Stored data

___

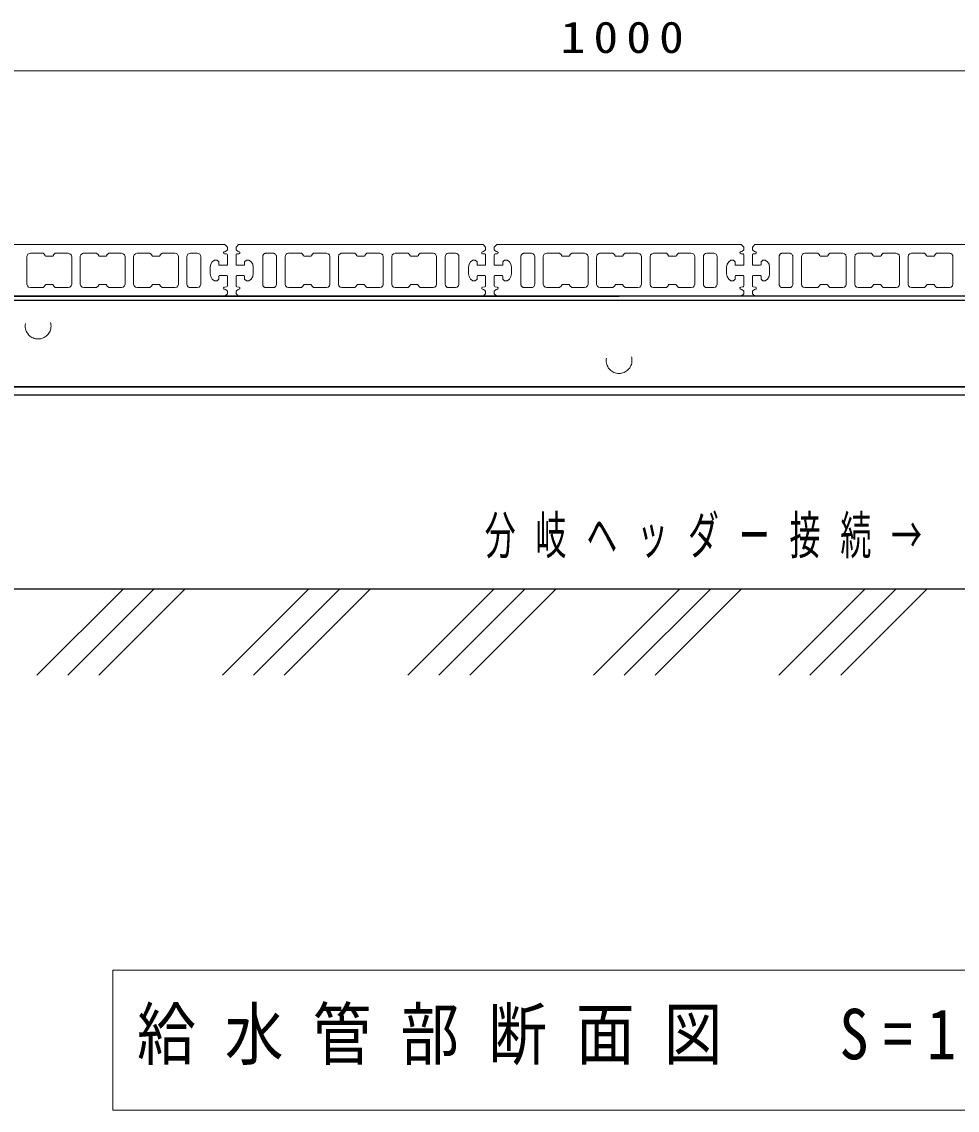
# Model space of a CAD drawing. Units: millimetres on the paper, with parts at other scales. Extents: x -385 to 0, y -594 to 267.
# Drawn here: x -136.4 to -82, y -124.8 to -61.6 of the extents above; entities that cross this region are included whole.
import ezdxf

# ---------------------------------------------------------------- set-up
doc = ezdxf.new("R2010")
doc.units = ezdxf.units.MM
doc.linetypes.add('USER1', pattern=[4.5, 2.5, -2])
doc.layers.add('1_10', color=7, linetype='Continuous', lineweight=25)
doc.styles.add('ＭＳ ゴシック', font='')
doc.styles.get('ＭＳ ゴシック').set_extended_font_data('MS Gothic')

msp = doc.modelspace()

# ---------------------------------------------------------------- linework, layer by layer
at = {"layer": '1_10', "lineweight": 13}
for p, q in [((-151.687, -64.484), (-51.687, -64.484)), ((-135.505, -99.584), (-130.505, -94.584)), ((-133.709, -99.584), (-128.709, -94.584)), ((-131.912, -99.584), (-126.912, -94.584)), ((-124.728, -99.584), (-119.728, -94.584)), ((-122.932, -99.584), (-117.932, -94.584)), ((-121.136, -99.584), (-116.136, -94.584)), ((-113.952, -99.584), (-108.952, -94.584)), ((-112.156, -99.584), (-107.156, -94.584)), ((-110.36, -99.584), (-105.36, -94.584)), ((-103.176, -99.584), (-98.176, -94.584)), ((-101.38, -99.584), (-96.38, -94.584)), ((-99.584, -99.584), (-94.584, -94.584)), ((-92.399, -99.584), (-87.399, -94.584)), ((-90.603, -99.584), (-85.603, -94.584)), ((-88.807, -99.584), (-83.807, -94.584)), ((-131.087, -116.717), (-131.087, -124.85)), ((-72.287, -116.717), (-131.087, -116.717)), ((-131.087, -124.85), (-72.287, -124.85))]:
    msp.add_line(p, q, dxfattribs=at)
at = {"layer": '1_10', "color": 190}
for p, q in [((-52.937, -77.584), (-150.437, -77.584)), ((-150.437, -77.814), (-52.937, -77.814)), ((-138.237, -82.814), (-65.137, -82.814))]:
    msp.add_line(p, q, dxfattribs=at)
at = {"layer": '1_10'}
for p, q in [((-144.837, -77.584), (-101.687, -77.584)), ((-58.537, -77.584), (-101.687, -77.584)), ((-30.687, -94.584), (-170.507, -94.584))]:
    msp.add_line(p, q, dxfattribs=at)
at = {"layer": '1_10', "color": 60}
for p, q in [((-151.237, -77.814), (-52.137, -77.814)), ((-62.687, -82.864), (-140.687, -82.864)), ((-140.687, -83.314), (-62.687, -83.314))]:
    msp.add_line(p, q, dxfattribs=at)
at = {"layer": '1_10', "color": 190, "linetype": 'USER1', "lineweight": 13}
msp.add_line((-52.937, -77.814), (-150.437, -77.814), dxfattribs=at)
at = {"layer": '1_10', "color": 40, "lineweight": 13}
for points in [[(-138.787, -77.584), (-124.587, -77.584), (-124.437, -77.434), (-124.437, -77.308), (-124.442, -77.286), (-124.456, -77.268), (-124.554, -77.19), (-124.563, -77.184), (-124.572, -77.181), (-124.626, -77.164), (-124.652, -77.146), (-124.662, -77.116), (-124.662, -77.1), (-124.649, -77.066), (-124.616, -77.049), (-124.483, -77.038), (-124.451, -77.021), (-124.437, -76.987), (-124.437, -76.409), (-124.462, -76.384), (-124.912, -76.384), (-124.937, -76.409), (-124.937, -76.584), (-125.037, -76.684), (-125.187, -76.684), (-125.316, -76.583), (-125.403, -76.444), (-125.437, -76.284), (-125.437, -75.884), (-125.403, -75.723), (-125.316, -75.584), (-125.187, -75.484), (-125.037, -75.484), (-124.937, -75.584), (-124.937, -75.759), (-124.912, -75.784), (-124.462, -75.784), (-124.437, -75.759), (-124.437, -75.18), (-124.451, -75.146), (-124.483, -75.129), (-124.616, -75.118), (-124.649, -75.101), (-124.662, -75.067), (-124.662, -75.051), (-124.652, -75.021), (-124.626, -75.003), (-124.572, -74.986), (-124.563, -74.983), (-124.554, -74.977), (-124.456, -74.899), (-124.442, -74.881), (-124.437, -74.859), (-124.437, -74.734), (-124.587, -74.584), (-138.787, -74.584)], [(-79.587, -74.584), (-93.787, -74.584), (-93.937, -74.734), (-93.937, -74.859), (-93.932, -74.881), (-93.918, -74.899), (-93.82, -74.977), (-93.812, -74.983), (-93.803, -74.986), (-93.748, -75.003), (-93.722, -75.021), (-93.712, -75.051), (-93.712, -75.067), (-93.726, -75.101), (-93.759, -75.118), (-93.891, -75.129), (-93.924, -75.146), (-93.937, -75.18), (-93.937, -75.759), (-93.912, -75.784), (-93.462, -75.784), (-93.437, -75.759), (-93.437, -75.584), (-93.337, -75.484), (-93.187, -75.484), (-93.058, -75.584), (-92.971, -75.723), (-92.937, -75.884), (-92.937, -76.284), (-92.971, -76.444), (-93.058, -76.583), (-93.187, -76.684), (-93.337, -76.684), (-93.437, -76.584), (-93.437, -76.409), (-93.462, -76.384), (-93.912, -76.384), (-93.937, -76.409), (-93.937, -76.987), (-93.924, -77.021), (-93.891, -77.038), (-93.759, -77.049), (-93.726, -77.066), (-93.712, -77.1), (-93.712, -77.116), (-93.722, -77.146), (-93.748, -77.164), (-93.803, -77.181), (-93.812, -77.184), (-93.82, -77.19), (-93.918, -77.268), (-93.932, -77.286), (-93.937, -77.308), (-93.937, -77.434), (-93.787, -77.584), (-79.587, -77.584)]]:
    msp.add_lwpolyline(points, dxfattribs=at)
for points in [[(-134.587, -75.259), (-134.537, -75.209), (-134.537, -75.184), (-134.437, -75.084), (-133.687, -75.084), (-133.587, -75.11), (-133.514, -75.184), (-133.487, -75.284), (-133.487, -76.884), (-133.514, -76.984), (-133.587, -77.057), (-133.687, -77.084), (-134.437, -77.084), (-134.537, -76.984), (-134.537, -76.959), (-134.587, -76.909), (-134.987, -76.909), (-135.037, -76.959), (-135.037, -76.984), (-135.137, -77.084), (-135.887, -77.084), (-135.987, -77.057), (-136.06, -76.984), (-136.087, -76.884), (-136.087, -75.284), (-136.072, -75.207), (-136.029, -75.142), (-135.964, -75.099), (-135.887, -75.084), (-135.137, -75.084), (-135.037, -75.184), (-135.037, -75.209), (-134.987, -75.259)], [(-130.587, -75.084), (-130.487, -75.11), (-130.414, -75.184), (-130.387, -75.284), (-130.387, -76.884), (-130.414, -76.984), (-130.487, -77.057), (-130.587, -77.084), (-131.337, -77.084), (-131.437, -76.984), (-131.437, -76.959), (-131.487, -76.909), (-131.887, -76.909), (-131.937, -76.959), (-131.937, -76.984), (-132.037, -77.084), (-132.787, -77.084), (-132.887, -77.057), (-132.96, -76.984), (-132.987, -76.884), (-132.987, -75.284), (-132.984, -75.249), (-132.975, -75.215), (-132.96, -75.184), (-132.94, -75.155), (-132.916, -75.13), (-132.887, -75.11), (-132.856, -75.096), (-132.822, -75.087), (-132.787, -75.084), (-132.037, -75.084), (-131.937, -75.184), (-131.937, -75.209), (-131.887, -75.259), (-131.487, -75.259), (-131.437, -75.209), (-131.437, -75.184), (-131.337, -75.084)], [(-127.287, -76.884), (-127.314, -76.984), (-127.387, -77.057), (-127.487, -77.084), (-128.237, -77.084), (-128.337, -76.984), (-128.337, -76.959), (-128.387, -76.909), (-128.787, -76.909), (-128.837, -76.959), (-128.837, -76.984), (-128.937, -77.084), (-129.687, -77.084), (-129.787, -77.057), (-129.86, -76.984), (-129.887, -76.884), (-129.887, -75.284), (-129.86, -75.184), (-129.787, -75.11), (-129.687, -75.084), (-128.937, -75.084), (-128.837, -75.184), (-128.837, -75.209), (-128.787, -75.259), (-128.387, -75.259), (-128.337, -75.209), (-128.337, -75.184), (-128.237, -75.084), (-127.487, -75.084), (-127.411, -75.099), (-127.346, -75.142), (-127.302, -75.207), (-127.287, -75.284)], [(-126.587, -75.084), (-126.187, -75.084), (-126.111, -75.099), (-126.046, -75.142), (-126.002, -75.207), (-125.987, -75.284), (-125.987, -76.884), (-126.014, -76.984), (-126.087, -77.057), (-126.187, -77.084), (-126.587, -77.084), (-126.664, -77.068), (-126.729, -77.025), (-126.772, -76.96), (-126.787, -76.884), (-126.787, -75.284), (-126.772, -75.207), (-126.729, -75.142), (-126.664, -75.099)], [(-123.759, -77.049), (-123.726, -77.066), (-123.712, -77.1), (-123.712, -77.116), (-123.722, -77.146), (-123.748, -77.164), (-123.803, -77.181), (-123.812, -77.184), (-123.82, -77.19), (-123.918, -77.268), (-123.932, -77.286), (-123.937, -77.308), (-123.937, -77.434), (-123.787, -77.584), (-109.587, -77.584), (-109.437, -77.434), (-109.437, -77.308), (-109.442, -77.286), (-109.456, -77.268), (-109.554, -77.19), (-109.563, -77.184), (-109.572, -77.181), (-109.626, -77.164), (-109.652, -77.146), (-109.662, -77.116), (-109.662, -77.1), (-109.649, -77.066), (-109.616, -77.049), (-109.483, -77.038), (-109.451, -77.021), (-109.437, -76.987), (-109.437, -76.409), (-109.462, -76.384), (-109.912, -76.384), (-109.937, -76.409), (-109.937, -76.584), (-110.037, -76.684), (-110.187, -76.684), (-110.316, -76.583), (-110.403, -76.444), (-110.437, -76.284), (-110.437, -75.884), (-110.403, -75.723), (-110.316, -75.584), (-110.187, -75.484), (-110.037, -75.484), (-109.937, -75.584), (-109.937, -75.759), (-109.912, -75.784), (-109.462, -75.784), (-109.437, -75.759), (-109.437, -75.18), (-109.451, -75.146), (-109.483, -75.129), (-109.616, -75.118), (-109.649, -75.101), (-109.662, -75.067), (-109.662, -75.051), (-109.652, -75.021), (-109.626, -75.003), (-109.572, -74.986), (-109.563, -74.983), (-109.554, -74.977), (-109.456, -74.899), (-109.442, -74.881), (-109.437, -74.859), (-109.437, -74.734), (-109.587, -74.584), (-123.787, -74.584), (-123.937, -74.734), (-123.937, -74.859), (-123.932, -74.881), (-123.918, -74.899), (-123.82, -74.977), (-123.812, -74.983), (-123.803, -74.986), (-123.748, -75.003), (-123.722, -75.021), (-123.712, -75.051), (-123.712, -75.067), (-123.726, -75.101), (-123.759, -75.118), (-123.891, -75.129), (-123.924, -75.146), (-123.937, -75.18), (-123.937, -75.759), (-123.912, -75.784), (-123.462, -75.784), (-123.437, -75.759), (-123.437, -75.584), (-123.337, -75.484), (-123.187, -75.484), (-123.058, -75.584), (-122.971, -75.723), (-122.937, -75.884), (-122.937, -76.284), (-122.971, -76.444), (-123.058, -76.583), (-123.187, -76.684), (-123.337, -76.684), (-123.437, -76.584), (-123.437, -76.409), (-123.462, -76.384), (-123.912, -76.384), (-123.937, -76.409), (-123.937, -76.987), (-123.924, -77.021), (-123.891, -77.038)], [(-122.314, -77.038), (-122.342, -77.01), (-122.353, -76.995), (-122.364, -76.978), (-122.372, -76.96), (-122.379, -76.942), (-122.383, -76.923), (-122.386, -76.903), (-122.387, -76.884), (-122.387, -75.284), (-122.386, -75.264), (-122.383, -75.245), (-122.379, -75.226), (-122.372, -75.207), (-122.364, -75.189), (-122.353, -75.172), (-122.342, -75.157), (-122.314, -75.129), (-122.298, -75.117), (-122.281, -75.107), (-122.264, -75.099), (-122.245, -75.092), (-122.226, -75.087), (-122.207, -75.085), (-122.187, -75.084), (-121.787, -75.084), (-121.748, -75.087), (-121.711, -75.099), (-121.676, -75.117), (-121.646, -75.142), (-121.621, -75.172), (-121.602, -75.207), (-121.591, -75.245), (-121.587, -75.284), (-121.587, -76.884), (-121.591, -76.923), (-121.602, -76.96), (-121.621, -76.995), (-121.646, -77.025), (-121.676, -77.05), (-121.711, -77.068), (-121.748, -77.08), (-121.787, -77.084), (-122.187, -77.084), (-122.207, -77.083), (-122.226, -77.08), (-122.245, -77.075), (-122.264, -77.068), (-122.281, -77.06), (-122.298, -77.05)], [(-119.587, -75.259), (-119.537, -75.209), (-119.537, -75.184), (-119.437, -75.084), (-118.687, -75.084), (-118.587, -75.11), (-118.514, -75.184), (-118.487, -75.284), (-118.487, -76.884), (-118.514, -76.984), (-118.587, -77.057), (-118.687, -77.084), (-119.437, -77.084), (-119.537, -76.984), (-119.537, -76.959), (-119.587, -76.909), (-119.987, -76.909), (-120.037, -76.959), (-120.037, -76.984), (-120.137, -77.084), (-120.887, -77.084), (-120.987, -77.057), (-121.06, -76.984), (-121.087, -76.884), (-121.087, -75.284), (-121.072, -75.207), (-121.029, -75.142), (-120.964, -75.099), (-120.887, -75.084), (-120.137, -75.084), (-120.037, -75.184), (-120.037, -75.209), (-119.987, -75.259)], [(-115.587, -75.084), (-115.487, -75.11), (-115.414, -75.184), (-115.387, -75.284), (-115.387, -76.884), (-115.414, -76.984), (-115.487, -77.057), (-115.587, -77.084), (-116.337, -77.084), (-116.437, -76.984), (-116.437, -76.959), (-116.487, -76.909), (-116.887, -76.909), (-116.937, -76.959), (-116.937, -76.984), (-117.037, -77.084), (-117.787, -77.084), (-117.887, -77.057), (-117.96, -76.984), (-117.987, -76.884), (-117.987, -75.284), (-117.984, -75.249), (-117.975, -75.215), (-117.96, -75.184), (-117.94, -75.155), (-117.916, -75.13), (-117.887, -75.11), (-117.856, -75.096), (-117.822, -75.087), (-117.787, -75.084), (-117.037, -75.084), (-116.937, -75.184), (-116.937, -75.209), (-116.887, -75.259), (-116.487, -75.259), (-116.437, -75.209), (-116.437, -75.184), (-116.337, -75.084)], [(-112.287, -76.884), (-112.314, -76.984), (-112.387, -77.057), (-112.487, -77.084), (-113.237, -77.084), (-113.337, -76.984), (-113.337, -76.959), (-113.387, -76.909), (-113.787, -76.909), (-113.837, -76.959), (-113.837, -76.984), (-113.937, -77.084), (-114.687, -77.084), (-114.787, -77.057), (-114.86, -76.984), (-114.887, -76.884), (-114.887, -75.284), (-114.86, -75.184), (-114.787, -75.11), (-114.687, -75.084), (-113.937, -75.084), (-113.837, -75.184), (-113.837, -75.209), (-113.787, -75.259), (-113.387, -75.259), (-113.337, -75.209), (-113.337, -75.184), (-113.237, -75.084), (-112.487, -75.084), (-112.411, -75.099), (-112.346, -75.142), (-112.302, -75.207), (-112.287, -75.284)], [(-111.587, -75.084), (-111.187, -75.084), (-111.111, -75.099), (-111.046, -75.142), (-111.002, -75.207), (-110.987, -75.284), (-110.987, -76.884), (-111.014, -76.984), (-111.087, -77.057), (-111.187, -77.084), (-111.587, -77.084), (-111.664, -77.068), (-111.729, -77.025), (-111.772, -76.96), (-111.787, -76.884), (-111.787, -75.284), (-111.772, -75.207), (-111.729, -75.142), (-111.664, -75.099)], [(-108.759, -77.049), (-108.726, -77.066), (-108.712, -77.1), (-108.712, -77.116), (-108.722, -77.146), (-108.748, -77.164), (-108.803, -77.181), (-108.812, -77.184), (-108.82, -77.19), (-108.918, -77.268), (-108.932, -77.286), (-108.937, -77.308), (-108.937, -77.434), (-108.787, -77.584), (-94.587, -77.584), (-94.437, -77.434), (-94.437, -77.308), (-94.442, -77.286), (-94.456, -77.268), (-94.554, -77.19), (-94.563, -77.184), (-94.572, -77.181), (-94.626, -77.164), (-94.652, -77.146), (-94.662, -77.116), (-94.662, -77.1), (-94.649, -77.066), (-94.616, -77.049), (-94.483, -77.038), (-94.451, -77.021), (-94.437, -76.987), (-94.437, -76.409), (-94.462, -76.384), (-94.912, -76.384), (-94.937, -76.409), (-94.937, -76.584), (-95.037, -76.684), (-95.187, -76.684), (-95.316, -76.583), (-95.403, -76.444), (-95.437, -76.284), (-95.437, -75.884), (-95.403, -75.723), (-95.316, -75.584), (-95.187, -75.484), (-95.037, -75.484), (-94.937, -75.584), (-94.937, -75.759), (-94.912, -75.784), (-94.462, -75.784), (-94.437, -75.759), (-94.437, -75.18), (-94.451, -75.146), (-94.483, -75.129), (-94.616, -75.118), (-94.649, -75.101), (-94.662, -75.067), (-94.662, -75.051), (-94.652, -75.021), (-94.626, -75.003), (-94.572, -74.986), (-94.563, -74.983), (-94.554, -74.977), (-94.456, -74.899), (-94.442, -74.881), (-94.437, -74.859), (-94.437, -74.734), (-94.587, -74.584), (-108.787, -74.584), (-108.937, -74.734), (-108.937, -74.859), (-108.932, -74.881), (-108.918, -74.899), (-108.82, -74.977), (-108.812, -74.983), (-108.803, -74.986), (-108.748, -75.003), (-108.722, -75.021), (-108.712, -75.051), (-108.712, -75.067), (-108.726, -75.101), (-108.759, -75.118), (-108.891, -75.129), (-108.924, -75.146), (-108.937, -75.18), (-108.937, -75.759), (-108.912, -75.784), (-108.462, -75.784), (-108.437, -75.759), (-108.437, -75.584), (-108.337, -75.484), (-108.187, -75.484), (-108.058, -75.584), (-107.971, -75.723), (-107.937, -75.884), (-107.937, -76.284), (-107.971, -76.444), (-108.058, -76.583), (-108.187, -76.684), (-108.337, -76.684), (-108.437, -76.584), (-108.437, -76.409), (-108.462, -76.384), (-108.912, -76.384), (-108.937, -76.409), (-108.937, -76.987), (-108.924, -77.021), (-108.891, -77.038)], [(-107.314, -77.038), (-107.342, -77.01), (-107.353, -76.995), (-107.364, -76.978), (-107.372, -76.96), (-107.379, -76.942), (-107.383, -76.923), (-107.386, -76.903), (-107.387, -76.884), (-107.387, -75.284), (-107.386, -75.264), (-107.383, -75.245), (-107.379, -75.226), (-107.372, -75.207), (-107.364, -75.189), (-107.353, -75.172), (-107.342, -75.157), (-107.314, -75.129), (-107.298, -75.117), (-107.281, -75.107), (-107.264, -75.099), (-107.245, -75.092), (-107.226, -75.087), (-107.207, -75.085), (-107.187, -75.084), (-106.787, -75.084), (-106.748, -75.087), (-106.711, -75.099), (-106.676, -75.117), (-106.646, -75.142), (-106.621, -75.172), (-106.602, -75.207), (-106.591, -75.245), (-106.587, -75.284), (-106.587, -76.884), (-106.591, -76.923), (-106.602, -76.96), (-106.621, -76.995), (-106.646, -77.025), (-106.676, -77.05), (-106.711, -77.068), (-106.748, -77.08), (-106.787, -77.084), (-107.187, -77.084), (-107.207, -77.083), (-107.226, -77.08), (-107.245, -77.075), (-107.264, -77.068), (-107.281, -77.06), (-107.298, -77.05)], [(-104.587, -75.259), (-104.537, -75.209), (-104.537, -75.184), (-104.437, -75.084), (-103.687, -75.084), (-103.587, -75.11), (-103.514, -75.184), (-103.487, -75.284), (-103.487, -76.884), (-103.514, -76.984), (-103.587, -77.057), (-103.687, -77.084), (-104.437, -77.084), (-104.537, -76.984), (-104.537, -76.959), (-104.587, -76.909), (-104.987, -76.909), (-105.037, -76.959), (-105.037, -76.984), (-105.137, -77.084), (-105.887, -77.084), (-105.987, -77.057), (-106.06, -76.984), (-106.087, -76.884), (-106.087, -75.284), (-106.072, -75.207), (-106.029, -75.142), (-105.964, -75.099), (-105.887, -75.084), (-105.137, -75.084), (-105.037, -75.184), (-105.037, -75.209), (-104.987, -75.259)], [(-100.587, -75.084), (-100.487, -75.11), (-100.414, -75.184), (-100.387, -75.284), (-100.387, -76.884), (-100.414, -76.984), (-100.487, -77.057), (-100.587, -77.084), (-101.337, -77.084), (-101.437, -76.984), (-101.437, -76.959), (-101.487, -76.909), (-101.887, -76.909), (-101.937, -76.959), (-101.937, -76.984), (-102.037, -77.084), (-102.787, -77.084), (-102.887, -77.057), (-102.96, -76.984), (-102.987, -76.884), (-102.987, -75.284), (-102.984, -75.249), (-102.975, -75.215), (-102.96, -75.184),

___

_ACTIVITY_
Find every line in the records that has the word "color". Copy those lines.

_TASK OUTPUT_
doc.layers.add('1_10', color=7, linetype='Continuous', lineweight=25)
at = {"layer": '1_10', "color": 190}
at = {"layer": '1_10', "color": 60}
at = {"layer": '1_10', "color": 190, "linetype": 'USER1', "lineweight": 13}
at = {"layer": '1_10', "color": 40, "lineweight": 13}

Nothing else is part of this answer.